▶ _PROBLEM DESCRIPTION_
Using the entries that follow, give the number of lines containing the string "blocks". Write nothing besides that number.

Stored data entries
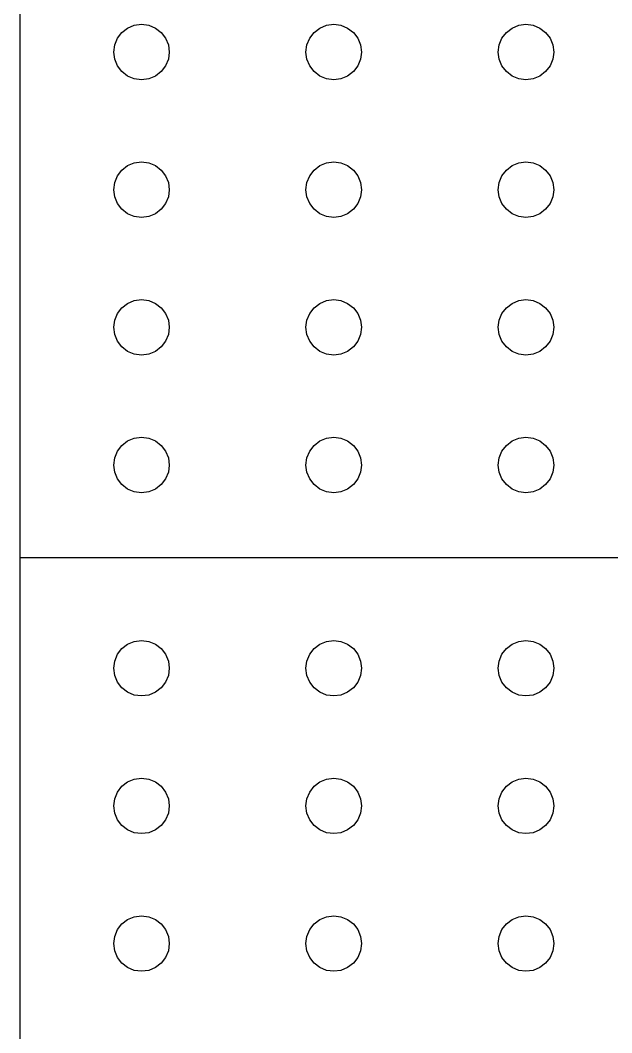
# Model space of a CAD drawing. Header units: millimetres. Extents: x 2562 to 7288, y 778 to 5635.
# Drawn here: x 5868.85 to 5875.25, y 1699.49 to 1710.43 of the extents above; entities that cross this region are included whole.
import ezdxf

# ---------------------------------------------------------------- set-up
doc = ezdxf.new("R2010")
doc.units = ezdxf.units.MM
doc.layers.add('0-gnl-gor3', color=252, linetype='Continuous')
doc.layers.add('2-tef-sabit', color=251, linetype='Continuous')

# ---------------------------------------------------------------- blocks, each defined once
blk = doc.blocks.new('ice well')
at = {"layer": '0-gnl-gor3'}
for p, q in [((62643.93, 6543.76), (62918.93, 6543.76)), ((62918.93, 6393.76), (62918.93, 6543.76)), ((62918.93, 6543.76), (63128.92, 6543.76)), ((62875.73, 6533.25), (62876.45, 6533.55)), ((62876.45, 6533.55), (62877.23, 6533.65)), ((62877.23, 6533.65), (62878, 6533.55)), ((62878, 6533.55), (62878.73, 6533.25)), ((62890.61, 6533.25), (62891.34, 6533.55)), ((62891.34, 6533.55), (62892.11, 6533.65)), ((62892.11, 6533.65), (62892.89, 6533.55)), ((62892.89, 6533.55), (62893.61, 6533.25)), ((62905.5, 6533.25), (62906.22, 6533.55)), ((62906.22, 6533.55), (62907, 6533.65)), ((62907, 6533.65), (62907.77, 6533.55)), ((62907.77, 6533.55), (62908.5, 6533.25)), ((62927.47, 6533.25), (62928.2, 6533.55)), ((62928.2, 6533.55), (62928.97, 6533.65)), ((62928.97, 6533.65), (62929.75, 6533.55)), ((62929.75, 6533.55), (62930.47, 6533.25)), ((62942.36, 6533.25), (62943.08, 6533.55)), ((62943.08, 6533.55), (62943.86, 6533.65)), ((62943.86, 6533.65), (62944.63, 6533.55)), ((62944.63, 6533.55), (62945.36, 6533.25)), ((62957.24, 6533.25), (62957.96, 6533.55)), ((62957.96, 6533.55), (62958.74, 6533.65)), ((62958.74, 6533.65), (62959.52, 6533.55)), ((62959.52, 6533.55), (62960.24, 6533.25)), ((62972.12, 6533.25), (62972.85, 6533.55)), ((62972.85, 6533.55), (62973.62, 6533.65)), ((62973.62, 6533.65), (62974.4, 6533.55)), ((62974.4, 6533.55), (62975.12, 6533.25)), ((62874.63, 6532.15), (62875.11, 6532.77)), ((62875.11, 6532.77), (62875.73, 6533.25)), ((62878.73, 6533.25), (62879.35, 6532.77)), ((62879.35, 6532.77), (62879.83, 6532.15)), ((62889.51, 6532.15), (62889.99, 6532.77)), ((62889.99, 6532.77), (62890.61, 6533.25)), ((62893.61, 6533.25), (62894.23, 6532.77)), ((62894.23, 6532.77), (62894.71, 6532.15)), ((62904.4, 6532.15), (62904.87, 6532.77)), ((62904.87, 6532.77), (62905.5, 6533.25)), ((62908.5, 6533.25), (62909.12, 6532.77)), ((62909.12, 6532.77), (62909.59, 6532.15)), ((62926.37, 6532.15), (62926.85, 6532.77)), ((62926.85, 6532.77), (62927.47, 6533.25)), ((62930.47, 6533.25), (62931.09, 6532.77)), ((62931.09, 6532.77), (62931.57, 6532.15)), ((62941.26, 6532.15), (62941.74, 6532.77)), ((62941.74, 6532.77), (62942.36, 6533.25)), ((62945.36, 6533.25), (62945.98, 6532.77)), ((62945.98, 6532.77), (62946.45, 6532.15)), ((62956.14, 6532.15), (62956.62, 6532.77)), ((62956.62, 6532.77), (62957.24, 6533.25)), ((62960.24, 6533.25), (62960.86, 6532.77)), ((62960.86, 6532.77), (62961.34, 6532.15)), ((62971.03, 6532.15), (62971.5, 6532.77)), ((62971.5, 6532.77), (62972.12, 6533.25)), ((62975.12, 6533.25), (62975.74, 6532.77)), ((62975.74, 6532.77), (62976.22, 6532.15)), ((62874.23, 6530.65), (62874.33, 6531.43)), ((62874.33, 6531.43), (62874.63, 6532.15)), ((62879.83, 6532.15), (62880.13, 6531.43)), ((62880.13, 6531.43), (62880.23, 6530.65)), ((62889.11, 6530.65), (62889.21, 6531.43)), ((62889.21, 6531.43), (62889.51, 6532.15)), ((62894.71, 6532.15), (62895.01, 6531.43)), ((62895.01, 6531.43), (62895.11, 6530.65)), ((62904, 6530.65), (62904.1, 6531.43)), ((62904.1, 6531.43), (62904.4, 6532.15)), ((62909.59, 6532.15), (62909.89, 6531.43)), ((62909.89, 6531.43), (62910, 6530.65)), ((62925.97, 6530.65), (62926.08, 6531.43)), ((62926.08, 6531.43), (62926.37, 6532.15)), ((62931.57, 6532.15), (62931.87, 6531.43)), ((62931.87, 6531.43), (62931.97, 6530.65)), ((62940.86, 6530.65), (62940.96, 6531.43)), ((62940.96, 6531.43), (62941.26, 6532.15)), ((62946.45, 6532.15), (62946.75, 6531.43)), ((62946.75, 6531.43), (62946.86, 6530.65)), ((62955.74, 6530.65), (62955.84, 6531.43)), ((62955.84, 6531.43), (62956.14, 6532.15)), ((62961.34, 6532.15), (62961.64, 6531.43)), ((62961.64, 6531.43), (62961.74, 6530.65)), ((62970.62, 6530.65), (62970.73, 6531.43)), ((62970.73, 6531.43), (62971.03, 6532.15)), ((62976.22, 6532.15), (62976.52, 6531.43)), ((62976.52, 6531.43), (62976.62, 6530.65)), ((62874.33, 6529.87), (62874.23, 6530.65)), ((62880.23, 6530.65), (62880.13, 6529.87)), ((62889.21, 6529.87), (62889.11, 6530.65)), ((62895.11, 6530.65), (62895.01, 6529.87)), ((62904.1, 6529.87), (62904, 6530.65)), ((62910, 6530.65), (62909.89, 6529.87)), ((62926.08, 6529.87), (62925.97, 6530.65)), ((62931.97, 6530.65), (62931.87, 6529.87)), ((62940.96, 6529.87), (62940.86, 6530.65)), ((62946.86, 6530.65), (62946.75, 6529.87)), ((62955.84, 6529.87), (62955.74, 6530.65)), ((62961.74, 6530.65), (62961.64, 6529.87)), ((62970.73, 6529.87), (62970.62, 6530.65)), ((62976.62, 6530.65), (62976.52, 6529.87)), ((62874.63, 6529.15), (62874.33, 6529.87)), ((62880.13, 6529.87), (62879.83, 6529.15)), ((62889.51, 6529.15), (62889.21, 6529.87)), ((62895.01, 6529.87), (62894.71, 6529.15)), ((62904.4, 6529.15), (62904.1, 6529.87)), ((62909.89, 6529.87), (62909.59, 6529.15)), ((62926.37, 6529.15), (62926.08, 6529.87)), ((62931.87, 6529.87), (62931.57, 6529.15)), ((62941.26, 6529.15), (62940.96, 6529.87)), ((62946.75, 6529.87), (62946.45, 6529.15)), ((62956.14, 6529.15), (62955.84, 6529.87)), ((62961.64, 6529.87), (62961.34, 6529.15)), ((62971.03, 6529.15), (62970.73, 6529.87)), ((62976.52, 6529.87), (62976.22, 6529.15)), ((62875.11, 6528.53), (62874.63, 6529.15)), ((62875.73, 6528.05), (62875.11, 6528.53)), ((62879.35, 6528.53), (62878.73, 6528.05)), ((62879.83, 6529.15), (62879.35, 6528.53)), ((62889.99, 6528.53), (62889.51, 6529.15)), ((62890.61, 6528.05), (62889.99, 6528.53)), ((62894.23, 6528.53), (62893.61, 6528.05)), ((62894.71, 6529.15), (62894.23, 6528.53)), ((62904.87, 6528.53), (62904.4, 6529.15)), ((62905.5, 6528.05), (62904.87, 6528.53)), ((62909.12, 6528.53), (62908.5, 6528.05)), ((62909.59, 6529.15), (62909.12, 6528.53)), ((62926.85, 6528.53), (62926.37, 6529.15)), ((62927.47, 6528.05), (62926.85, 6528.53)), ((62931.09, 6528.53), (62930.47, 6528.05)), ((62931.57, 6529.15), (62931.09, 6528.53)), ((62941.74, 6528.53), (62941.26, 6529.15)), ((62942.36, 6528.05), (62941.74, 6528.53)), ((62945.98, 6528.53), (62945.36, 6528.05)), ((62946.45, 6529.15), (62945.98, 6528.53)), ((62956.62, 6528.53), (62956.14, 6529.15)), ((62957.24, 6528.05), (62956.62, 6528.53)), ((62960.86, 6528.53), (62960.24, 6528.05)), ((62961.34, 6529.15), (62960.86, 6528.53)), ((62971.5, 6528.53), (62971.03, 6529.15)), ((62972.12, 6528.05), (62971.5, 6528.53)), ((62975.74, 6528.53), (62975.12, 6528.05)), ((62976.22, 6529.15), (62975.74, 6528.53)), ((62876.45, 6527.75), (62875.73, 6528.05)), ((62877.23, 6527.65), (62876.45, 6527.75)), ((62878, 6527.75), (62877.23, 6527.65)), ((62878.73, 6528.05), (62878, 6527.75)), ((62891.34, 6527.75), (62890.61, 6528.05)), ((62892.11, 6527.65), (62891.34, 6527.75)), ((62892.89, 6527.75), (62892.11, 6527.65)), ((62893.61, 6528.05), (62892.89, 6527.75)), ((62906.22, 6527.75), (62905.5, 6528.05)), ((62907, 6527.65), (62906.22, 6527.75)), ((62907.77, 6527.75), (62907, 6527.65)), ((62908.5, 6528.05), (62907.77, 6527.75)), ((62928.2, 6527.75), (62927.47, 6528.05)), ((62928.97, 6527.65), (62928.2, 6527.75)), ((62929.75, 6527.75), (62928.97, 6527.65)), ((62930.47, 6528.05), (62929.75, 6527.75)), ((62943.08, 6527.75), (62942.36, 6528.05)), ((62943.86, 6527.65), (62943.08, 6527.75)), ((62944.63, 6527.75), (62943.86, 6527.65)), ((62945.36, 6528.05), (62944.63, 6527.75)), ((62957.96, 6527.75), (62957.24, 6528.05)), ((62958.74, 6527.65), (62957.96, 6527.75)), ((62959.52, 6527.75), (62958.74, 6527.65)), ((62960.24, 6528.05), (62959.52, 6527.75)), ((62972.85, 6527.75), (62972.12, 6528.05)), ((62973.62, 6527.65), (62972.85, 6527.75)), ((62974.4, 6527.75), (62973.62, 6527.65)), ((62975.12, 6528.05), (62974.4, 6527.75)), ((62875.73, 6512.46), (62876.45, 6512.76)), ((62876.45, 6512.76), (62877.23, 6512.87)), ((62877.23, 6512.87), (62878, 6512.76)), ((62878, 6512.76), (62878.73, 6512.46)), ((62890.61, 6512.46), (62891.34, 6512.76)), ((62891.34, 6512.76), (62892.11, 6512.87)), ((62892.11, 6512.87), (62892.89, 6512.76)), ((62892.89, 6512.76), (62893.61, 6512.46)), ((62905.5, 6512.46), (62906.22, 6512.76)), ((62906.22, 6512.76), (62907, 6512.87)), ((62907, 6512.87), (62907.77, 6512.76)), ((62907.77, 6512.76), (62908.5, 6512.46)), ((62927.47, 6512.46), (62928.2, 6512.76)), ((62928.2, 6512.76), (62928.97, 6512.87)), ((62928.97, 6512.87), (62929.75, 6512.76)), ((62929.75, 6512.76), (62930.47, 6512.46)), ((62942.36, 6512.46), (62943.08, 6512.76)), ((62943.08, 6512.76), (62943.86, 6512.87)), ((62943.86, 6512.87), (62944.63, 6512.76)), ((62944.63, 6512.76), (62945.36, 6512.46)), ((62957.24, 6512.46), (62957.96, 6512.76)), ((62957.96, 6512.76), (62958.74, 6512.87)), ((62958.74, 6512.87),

▶ _EXERCISE RESPONSE_
2